Fas is a member of the tumor necrosis factor receptor family expressed in various cells and tissues. Fas ligand (FasL) is a cell surface molecule that binds to its receptor (Fas) to induce cell apoptosis. Researchers have obtained evidence indicating that in patients with idiopathic pulmonary fibrosis, the expression of Fas and FasL is upregulated in bronchial and alveolar epithelial cells as well as in infiltrating lymphocytes or granulocytes. Excessive cell apoptosis in dysregulated Fas-FasL pathways plays a pivotal role in the development of pulmonary fibrosis. Excessive cell apoptosis and increased FasL expression have also been observed in pulmonary fibrosis animal models (20). After hydrogen-assisted therapy, we observed a noticeable decrease in Fas+ Th and Tc cell subtypes as well as dramatic improvements in lung infiltration in CXR images (Figure 1F-H).

Note that after hydrogen-assisted therapy, we also observed a decrease in nucleosome count from 15 to 7 as well as an increase in hemoglobin level from 8.1 to 10.6. The nucleosome serves as a general gene repressor affecting all types of transcription (genic, intragenic, and intergenic) (21).
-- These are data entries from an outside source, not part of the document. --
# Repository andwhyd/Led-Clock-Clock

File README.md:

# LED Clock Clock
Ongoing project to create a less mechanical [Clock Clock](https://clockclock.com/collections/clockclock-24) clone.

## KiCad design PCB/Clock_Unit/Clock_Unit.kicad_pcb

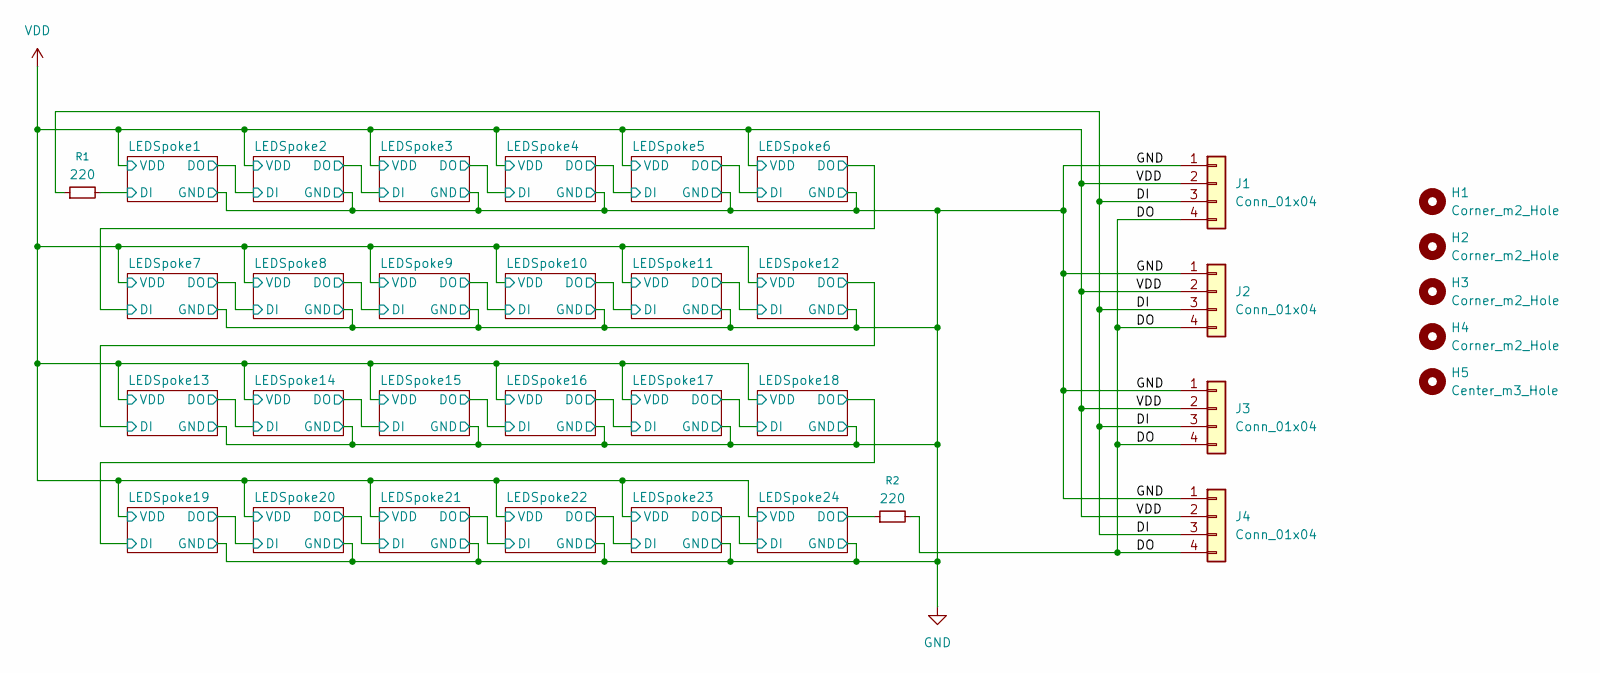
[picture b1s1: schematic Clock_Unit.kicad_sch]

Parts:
H1, H2, H3, H4: Corner_m2_Hole; MountingHole_2.2mm_M2
H5: Center_m3_Hole; MountingHole_3.2mm_M3
J1, J2, J3, J4: Conn_01x04; PinHeader_1x04_P2.54mm_Vertical
R1, R2: 220; R_0402_1005Metric_Pad0.72x0.64mm_HandSolder

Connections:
/DI: J1.3, J2.3, J3.3, J4.3, R1.1
/DO: J1.4, J2.4, J3.4, J4.4, R2.2
/LEDSpoke1/DI: R1.2; also elsewhere on the board
/LEDSpoke24/DO: R2.1; also elsewhere on the board
GND: J1.1, J2.1, J3.1, J4.1; also elsewhere on the board
VDD: J1.2, J2.2, J3.2, J4.2; also elsewhere on the board

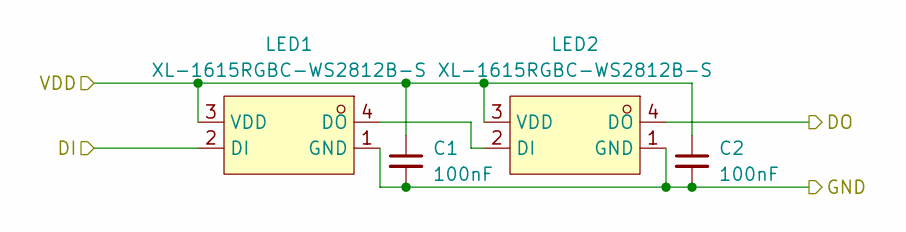
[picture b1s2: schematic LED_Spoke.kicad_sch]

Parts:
C1, C2: 100nF; C_0402_1005Metric_Pad0.74x0.62mm_HandSolder
LED1, LED2: XL-1615RGBC-WS2812B-S; LED-SMD_4P-L1.6-W1.5_XL-1615RGBC-WS2812B-S; LCSC Part C41413180

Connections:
/LEDSpoke1/DI: LED1.2 (DI); also elsewhere on the board
/LEDSpoke1/DO: LED2.4 (DO); also elsewhere on the board
GND: C1.2, C2.2, LED1.1 (GND), LED2.1 (GND); also elsewhere on the board
unnamed: LED1.4 (DO), LED2.2 (DI)
VDD: C1.1, C2.1, LED1.3 (VDD), LED2.3 (VDD); also elsewhere on the board

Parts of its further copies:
C3, C4, C5, C6, C7, C8, C9, C10, C11, C12, C13, C14, C15, C16, C17, C18, C19, C20, C21, C22, C23, C24, C25, C26, C27, C28, C29, C30, C31, C32, C33, C34, C35, C36, C37, C38, C39, C40, C41, C42, C43, C44, C45, C46, C47, C48: 100nF; C_0402_1005Metric_Pad0.74x0.62mm_HandSolder
LED3, LED4, LED5, LED6, LED7, LED8, LED9, LED10, LED11, LED12, LED13, LED14, LED15, LED16, LED17, LED18, LED19, LED20, LED21, LED22, LED23, LED24, LED25, LED26, LED27, LED28, LED29, LED30, LED31, LED32, LED33, LED34, LED35, LED36, LED37, LED38, LED39, LED40, LED41, LED42, LED43, LED44, LED45, LED46, LED47, LED48: XL-1615RGBC-WS2812B-S; LED-SMD_4P-L1.6-W1.5_XL-1615RGBC-WS2812B-S; LCSC Part C41413180

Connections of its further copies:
/LEDSpoke1/DO: LED3.2 (DI); also elsewhere on the board
/LEDSpoke2/DO: LED4.4 (DO), LED5.2 (DI)
/LEDSpoke3/DO: LED6.4 (DO), LED7.2 (DI)
/LEDSpoke4/DO: LED8.4 (DO), LED9.2 (DI)
/LEDSpoke5/DO: LED10.4 (DO), LED11.2 (DI)
/LEDSpoke6/DO: LED12.4 (DO), LED13.2 (DI)
/LEDSpoke7/DO: LED14.4 (DO), LED15.2 (DI)
/LEDSpoke8/DO: LED16.4 (DO), LED17.2 (DI)
/LEDSpoke10/DI: LED18.4 (DO), LED19.2 (DI)
/LEDSpoke10/DO: LED20.4 (DO), LED21.2 (DI)
/LEDSpoke11/DO: LED22.4 (DO), LED23.2 (DI)
/LEDSpoke12/DO: LED24.4 (DO), LED25.2 (DI)
/LEDSpoke13/DO: LED26.4 (DO), LED27.2 (DI)
/LEDSpoke14/DO: LED28.4 (DO), LED29.2 (DI)
/LEDSpoke15/DO: LED30.4 (DO), LED31.2 (DI)
/LEDSpoke16/DO: LED32.4 (DO), LED33.2 (DI)
/LEDSpoke17/DO: LED34.4 (DO), LED35.2 (DI)
/LEDSpoke18/DO: LED36.4 (DO), LED37.2 (DI)
/LEDSpoke19/DO: LED38.4 (DO), LED39.2 (DI)
/LEDSpoke20/DO: LED40.4 (DO), LED41.2 (DI)
/LEDSpoke21/DO: LED42.4 (DO), LED43.2 (DI)
/LEDSpoke22/DO: LED44.4 (DO), LED45.2 (DI)
/LEDSpoke23/DO: LED46.4 (DO), LED47.2 (DI)
/LEDSpoke24/DO: LED48.4 (DO); also elsewhere on the board
GND: C3.2, C4.2, C5.2, C6.2, C7.2, C8.2, C9.2, C10.2, C11.2, C12.2, C13.2, C14.2, C15.2, C16.2, C17.2, C18.2, C19.2, C20.2, C21.2, C22.2, C23.2, C24.2, C25.2, C26.2, C27.2, C28.2, C29.2, C30.2, C31.2, C32.2, C33.2, C34.2, C35.2, C36.2, C37.2, C38.2, C39.2, C40.2, C41.2, C42.2, C43.2, C44.2, C45.2, C46.2, C47.2, C48.2, LED3.1 (GND), LED4.1 (GND), LED5.1 (GND), LED6.1 (GND), LED7.1 (GND), LED8.1 (GND), LED9.1 (GND), LED10.1 (GND), LED11.1 (GND), LED12.1 (GND), LED13.1 (GND), LED14.1 (GND), LED15.1 (GND), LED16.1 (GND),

In one study, plasma nucleosome levels were significantly higher in patients with severe COVID-19 than in healthy controls (22). Elevated nucleosome levels have also been observed in the bronchoalveolar lavage fluid of mice with methicillin-resistant Staphylococcus aureus pneumonia (23). The literature lacks a comprehensive exploration of the relationship between hydrogen therapy and nucleosomes. The marked reduction in the nucleosome count observed in the current study coincided with a marked improvement in pulmonary infiltration. The primary function of hemoglobin is to transport oxygen from the lungs to the tissues, via cooperative binding and oxygen release. Researchers have demonstrated the effectiveness of a hydrogen-rich solution in accelerating hematological and immunological recovery in mice with aplastic anemia, suggesting its potential as a clinical therapeutic agent for this condition (24). In the current study, we observed an increase in hemoglobin levels after hydrogen treatment; however, further research will be required to explore the relationship between hydrogen and nucleosomes as well as between hydrogen and hemoglobin.